The objective of this work was to evaluate the Movement Disorders Society (MDS) Task Force-proposed screening checklist for detecting Parkinson's disease dementia (PD-D) in relation to full neuropsychological testing. An MDS Task Force has proposed diagnostic procedures for PD-D, which have not been fully validated against more extensive neuropsychological testing. PD subjects were recruited from 2 specialty centers. A neuropsychologist evaluated them for dementia as part of routine clinical care. Independent clinical neurologists administered the MDS PD-D screening checklist. Diagnosis of PD-D by the 2 methods was compared. Ninety-one PD subjects had a mean age of 66.3 (SD = 9.7) years and a mean PD duration of 8.8 (SD = 6.1) years. Seven subjects (7.7%) met all 8 screening checklist criteria from the MDS PD-D screening tool and were classified as probable PD-D. Fifteen (16.5%) subjects were classified as PD-D by full neuropsychological assessment. The screening checklist showed 100% specificity, but only 46.7% sensitivity, for diagnosing PD-D compared to the full neuropsychological assessment. PD-D cases missed by the PD-D screening tool were largely due to 2 checklist items that were not endorsed (absence of depression and Mini-Mental State Examination [MMSE] scores <26). There was moderate agreement between these 2 methods for determination of PD-D (kappa = 0.59, P < .001). The MDS-PD-D screening checklist is highly accurate for detecting PD-D if all items are endorsed. However, for cases that do not meet these criteria, full neuropsychological testing is needed to differentiate PD-D from milder cognitive impairment. Revision of the checklist by altering or eliminating the 2 problematic checklist items may improve sensitivity.

摘要

这项工作的目的是评估运动障碍学会(MDS)工作组提出的筛查清单,以检测帕金森病痴呆(PD-D)与全面神经心理学测试的关系。
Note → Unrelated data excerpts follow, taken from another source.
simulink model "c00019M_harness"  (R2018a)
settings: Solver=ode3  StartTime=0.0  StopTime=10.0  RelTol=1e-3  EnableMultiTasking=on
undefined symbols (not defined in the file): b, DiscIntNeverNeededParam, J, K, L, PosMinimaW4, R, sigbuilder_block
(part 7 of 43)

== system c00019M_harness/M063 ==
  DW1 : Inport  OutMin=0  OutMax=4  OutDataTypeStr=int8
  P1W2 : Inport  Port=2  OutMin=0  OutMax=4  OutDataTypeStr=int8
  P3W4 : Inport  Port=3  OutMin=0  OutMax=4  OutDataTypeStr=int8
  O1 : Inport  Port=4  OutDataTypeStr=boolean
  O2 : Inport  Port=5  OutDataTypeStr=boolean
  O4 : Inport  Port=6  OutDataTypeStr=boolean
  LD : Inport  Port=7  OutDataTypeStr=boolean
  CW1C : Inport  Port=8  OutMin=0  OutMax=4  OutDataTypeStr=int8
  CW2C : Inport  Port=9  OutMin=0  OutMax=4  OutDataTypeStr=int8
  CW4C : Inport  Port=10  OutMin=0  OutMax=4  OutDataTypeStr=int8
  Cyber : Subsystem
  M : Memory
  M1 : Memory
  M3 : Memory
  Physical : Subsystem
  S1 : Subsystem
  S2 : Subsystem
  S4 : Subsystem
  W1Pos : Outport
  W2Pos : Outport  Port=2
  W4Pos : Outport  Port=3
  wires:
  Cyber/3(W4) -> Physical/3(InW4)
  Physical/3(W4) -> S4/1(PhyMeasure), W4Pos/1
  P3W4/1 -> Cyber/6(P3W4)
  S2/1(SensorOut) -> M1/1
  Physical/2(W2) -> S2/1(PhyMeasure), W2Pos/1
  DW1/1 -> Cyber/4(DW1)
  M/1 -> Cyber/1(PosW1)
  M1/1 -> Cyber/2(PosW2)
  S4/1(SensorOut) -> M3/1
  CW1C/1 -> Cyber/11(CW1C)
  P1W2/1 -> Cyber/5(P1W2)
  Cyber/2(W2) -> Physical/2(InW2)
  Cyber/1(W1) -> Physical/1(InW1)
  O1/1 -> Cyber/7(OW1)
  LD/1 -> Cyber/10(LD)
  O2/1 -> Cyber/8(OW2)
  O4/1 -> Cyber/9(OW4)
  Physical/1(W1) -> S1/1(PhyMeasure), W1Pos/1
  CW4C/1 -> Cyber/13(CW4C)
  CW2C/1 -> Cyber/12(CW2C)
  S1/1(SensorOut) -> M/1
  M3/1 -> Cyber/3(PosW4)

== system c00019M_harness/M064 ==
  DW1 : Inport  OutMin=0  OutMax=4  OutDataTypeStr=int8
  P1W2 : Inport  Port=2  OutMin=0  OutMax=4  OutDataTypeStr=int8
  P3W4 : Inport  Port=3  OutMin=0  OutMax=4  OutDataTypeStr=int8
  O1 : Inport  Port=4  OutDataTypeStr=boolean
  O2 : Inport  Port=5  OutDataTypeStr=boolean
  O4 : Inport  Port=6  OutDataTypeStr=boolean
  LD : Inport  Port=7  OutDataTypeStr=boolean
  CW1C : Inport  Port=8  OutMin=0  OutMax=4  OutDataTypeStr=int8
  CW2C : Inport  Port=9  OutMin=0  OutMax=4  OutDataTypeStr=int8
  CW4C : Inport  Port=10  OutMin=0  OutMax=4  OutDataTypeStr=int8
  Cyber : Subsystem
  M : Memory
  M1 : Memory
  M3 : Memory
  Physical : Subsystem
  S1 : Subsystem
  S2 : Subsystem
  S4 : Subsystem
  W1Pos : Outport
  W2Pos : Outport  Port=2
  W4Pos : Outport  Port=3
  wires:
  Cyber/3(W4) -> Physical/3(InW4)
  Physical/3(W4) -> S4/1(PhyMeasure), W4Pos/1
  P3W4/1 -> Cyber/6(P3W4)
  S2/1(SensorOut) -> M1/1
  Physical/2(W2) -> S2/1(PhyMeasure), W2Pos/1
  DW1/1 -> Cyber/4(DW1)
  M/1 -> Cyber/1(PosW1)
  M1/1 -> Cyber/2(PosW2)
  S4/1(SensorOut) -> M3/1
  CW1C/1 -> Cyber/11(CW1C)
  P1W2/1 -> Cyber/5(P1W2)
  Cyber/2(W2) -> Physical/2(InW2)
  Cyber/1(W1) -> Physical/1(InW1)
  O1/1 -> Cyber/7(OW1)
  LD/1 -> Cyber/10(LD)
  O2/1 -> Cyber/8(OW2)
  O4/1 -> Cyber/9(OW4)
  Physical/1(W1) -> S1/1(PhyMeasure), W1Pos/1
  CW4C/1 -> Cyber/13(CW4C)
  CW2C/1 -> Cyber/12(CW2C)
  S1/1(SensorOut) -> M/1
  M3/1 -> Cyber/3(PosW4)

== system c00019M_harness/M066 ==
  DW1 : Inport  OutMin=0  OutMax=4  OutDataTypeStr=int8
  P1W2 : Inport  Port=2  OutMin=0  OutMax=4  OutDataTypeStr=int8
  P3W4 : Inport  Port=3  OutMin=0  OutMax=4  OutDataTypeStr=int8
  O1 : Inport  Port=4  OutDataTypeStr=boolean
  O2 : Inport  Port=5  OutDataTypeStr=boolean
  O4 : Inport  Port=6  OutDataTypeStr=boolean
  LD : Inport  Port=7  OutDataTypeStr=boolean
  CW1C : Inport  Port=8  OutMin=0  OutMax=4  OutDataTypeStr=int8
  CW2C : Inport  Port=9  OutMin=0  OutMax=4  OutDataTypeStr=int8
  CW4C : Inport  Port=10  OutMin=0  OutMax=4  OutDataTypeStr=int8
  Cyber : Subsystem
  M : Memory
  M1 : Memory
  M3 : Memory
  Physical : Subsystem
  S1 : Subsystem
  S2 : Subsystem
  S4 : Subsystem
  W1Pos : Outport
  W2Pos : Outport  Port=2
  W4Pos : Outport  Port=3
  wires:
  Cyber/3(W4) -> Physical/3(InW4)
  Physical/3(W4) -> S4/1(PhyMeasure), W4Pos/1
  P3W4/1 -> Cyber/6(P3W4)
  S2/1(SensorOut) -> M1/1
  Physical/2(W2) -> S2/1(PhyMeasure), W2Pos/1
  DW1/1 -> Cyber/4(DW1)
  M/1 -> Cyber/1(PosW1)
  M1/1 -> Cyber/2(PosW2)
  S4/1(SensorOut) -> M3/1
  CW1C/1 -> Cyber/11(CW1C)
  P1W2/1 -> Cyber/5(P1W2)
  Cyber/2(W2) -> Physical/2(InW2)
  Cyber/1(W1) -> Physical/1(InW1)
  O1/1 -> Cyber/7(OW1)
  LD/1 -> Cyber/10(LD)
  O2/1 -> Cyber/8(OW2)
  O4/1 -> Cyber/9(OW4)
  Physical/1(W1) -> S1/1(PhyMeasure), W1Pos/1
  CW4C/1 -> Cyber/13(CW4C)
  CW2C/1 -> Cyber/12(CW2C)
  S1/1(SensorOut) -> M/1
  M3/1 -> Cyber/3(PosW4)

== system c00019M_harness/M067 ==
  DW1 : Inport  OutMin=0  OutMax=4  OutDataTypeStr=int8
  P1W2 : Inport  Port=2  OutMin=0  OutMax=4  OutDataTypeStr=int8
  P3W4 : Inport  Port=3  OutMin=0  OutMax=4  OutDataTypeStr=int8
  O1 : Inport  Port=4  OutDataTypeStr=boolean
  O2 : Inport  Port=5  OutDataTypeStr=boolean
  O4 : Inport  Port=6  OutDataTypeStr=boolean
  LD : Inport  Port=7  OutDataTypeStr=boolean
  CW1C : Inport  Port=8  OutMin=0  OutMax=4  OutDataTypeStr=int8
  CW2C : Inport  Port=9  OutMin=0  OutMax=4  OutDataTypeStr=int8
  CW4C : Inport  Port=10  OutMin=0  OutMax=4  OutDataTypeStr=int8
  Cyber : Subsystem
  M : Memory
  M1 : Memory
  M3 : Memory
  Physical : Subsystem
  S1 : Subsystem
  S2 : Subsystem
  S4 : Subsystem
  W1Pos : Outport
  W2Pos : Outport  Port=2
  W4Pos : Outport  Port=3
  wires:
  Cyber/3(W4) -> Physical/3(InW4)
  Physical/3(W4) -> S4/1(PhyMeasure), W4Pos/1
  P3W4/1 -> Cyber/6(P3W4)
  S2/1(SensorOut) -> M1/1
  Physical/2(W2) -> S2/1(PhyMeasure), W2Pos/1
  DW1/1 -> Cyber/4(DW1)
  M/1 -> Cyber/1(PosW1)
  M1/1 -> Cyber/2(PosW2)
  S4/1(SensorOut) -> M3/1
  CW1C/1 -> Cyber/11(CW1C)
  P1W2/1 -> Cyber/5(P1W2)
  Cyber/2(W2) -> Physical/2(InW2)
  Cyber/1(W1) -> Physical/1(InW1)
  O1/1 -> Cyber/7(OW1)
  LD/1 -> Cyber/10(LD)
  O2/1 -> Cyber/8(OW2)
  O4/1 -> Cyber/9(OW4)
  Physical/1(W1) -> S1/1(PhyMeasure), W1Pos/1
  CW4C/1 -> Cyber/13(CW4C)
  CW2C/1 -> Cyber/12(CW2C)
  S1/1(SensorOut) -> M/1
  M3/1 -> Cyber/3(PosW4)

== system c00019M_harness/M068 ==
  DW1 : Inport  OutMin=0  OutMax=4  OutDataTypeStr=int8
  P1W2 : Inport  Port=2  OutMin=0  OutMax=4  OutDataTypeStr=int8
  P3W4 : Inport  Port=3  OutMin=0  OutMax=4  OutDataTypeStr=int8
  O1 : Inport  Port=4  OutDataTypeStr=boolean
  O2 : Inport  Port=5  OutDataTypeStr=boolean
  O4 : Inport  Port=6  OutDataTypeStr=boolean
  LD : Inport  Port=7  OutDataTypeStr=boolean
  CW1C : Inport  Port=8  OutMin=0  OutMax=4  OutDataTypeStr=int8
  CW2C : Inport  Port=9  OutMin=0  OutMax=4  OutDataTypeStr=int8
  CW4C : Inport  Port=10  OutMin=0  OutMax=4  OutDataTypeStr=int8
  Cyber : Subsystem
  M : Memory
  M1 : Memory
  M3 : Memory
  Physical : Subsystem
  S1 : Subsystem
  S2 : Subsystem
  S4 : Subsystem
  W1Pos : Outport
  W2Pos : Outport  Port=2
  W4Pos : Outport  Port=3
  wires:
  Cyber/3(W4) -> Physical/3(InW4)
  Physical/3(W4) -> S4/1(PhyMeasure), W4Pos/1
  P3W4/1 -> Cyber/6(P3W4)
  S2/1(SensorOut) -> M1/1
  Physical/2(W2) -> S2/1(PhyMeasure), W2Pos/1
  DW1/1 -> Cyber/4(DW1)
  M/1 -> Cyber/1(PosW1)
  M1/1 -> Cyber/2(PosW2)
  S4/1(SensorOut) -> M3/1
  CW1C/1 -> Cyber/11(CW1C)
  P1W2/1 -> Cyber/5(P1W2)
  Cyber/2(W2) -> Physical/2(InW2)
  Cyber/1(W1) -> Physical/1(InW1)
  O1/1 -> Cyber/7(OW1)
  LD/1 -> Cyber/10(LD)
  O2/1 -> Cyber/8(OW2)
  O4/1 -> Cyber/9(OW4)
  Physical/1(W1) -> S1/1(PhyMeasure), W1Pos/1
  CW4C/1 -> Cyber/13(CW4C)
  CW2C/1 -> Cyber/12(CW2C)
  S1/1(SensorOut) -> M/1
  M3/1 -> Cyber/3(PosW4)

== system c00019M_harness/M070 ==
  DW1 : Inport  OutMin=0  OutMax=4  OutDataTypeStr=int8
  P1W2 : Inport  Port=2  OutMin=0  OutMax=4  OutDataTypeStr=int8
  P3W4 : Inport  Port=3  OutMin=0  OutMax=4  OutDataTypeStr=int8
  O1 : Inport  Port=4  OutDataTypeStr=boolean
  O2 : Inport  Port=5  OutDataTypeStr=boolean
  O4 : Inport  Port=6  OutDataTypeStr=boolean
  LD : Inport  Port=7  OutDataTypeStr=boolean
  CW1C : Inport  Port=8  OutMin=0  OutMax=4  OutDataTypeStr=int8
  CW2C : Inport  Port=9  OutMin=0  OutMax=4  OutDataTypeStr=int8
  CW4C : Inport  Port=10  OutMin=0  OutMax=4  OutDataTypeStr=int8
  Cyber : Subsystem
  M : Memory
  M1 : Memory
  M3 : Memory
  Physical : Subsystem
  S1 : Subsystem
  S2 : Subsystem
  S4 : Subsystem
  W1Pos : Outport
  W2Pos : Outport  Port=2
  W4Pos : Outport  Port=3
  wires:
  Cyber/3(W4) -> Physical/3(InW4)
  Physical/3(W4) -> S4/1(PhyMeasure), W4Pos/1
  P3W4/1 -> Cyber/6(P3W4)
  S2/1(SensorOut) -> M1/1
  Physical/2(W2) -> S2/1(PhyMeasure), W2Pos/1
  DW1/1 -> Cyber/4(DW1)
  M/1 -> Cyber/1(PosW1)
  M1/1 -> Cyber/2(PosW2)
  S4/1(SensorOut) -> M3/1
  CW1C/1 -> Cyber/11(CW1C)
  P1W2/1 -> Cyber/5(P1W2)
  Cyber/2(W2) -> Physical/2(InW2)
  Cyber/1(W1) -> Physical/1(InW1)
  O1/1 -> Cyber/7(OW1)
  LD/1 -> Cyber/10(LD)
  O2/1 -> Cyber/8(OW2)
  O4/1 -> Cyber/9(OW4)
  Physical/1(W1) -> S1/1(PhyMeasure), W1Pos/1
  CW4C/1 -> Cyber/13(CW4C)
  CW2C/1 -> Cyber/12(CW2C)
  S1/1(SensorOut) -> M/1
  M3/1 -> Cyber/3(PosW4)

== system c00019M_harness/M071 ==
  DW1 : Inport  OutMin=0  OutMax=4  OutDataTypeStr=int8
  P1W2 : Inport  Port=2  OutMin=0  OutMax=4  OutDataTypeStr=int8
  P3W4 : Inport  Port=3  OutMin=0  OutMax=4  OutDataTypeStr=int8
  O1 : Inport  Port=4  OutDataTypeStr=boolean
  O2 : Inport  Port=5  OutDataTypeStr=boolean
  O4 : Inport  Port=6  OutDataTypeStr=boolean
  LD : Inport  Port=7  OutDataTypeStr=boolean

MDS 工作组提出了 PD-D 的诊断程序,但尚未通过更广泛的神经心理学测试充分验证。PD 患者从 2 个专科中心招募。神经心理学家对他们进行痴呆评估,作为常规临床护理的一部分。独立的临床神经科医生则对 MDS PD-D 筛查清单进行了评估。比较了这两种方法诊断 PD-D 的结果。91 名 PD 患者的平均年龄为 66.3(SD=9.7)岁,平均 PD 病程为 8.8(SD=6.1)年。7 名患者(7.7%)满足 MDS PD-D 筛查工具中的所有 8 项筛查清单标准,被归类为可能的 PD-D。15 名患者(16.5%)根据全面神经心理学评估被归类为 PD-D。与全面神经心理学评估相比,筛查清单在诊断 PD-D 方面的特异性为 100%,但敏感性仅为 46.7%。PD-D 筛查工具漏诊的 PD-D 病例主要是由于 2 项筛查清单项目未被认可(无抑郁和简易精神状态检查[MMSE]评分<26)。这两种方法在确定 PD-D 方面具有中度一致性(kappa=0.59,P<.001)。如果所有项目均被认可,MDS-PD-D 筛查清单对检测 PD-D 非常准确。然而,对于不符合这些标准的病例,需要进行全面的神经心理学测试以区分 PD-D 与轻度认知障碍。通过改变或消除这 2 个有问题的筛查清单项目,可以提高敏感性。